NEW YORK, NEW YORK — On Monday, a day after nearly 400,000 marchers gathered for the largest climate march in history, activists and protesters turned their attention to the many links between capitalism and climate change by flooding Wall Street with supporters.
By early afternoon Monday, several thousand people were gathered just down the street from Wall Street around the iconic Charging Bull statue. They waved flags, chanted, and sat down on the street to draw attention to what they consider to be the primary cause of climate change.
The scene was far more tense than that of the previous day; two people were reportedly arrested for trying to cross a police barricade and several journalists and activists reported on Twitter that the NYPD used pepper spray on protesters rushing a barricade.
“We talk a lot about climate change and the root problems of climate change, but not many people are willing to say that the root problem of climate change is capitalism,” Sam Neubauer, 19, who came to the protest from Minnesota, told ThinkProgress. “Large corporations profit from capitalism by extracting oil and burning that oil and we need to call that out explicitly.”
Neubauer, who organized a bus to come to the climate march from Minnesota, said that Sunday’s march was “family friendly” and more about showing the size of the movement.

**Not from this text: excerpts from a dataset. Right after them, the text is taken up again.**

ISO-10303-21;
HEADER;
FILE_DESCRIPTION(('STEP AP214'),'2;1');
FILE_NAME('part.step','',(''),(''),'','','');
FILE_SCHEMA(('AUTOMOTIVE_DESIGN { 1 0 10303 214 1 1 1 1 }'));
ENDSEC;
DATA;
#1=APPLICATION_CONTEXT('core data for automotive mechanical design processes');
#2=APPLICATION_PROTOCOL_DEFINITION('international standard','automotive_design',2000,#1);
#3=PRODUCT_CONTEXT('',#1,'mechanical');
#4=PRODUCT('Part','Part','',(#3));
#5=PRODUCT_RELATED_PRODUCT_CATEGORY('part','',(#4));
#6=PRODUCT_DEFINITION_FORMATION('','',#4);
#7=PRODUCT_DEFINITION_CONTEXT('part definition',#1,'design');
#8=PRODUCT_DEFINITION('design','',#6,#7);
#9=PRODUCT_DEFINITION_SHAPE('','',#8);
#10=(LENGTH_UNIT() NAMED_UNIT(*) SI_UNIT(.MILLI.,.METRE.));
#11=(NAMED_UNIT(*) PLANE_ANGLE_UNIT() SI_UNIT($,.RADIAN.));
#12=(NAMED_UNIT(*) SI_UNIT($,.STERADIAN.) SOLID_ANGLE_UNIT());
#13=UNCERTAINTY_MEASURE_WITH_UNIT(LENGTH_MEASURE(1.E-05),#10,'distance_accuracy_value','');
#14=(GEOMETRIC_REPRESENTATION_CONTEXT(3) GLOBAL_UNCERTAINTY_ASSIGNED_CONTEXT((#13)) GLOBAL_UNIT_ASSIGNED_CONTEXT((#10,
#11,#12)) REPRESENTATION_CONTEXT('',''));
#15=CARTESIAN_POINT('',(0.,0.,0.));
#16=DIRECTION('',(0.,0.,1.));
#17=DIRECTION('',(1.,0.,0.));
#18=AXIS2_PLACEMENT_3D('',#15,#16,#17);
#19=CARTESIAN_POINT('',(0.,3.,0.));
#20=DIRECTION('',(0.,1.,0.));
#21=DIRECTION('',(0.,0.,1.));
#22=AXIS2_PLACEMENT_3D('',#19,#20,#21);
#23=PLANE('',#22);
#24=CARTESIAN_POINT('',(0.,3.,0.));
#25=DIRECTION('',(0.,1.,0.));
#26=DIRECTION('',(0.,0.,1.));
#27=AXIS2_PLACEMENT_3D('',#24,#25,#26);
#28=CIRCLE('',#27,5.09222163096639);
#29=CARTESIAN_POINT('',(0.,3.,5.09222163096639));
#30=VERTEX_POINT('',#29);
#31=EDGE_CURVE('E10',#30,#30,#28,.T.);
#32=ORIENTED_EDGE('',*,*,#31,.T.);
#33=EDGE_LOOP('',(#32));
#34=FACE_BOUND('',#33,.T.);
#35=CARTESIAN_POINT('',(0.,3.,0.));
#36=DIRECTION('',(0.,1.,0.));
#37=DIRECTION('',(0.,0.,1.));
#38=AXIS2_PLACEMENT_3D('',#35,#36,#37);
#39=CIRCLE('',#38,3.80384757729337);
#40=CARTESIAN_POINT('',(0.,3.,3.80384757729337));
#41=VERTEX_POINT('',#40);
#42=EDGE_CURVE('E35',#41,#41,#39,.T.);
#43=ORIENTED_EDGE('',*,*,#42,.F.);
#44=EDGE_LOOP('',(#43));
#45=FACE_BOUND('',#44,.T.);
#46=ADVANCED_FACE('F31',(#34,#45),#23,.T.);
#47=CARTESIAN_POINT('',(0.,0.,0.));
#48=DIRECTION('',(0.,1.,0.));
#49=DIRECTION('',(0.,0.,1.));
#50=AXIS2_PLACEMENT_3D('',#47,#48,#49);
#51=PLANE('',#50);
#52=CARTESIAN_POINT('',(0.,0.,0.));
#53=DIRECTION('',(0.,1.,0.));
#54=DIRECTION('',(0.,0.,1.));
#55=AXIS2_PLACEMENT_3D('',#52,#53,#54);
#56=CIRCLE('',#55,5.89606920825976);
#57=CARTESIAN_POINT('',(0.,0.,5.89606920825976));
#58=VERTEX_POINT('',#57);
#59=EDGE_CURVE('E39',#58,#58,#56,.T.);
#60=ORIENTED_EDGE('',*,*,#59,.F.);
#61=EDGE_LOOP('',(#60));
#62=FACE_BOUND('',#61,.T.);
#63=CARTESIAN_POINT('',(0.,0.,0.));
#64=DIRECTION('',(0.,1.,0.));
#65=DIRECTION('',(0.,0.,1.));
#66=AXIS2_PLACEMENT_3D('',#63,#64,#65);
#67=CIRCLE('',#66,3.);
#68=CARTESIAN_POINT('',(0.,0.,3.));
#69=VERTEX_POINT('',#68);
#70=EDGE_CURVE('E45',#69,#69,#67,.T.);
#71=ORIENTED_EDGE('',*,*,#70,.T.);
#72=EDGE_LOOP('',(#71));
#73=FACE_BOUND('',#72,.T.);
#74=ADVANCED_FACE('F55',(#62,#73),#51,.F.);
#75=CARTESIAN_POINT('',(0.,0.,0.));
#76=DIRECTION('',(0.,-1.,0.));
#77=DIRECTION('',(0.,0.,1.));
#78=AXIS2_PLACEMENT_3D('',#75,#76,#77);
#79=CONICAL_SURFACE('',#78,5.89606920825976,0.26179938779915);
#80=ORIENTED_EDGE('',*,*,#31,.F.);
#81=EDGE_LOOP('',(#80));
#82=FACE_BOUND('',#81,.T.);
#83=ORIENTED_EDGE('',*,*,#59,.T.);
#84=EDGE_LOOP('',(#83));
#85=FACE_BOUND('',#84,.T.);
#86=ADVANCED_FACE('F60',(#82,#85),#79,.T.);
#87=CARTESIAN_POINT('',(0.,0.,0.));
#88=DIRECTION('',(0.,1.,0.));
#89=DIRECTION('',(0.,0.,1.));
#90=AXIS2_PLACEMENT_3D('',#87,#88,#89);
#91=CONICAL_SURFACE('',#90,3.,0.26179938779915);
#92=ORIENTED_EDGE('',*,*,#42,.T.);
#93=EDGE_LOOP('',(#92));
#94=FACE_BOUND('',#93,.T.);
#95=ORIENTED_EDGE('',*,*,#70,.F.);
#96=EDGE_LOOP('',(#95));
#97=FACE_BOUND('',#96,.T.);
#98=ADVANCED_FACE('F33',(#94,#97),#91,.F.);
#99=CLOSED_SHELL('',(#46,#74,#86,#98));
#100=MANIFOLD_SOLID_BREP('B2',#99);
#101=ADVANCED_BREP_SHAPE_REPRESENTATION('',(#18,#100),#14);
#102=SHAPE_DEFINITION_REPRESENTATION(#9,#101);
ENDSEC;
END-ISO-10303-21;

Flood Wall Street is about more radical direct action.
“I think there are always a whole variety of different ways to be involved,” he said.
Nate Bresner, 17, from Boston, told ThinkProgress that knowing that if capitalism continues unchecked it “will make us unable to live on our planet” is terrifying, but also provides a “hard and fast deadline” to come up with alternatives.
“The way I see it, yesterday was about a whole spectrum of alternatives from people who support renewable energy tax credits to people that support Marxist revolution and today is about being more pointed about who is at fault,” Bresner said.
CREDIT: ThinkProgress/Ari Phillips
Bresner, who also helped organize the event, said it started out at Battery Park where speakers from front-line communities — those experiencing the impacts of climate change now — spoke and gave the “moral imperative” for action. Then several thousand people lined up to head to the New York Stock Exchange but stopped a block or two short to congregate around the Charging Bull.
While the Flood Wall Street gatherers focused on the ways that big companies profit from fossil fuel extraction and environmental degradation, much of this week of climate change action in the build-up to the United Nations summit on Tuesday has been about how addressing climate change and growing the economy can work together in positive ways.
That relationship was the focus of the New Climate Economy report released last week, which concluded that if the $90 trillion expected to be invested in global infrastructure in the next 15 years is done in a low-carbon manner, it could “cost about the same as conventional infrastructure, but would deliver significantly greater economic, social, and environmental benefits in the long-run.”
On the other side of the Charging Bull curious passersby paused to take in the cacophonous scene. William Crow, a financial sector worker in town from Virginia for the day, said he didn’t know what was happening but that he was familiar with the climate march from the day before.
“I don’t think our country is serious enough about climate change,” he said. “I see this as being proactive.”
While Crow said he firmly believes in the free market system, he thinks there needs to be greater awareness of the societal effect of business.
“There’s just this one planet we live on, and something is not right,” he said. “There’s dramatic changes in climate happening all over the world that we are all aware of — and yes they happen all the time but they seem to be happening in greater numbers nowadays. There seems to be hard indicators now that this relates to extreme climate conditions.”
Crow said that this all comes back to capital markets and that social implications need to be given more weight. “That has to be part of the equation,” he said. “When they run their metrics on business models, climate shouldn’t be the last thing considered — it should be one of the top factors to be debated.”
Derek Persaud, an engineer who works for a company that represents the Federal Transit Administration, said he thinks the protest is a good start.
“The U.N. Summit tomorrow is a big thing,” Persaud told ThinkProgress from the sidelines of the action. “There’s so much we can do but we also need to bring other people on board. It’s a global thing.”
On Monday night just over 100 protestors near Wall Street were arrested or summoned, mostly for disorderly conduct, including a man dressed in a polar bear costume. The activists did not have a permit for the demonstration from the NYPD, meaning they risked arrest for participating.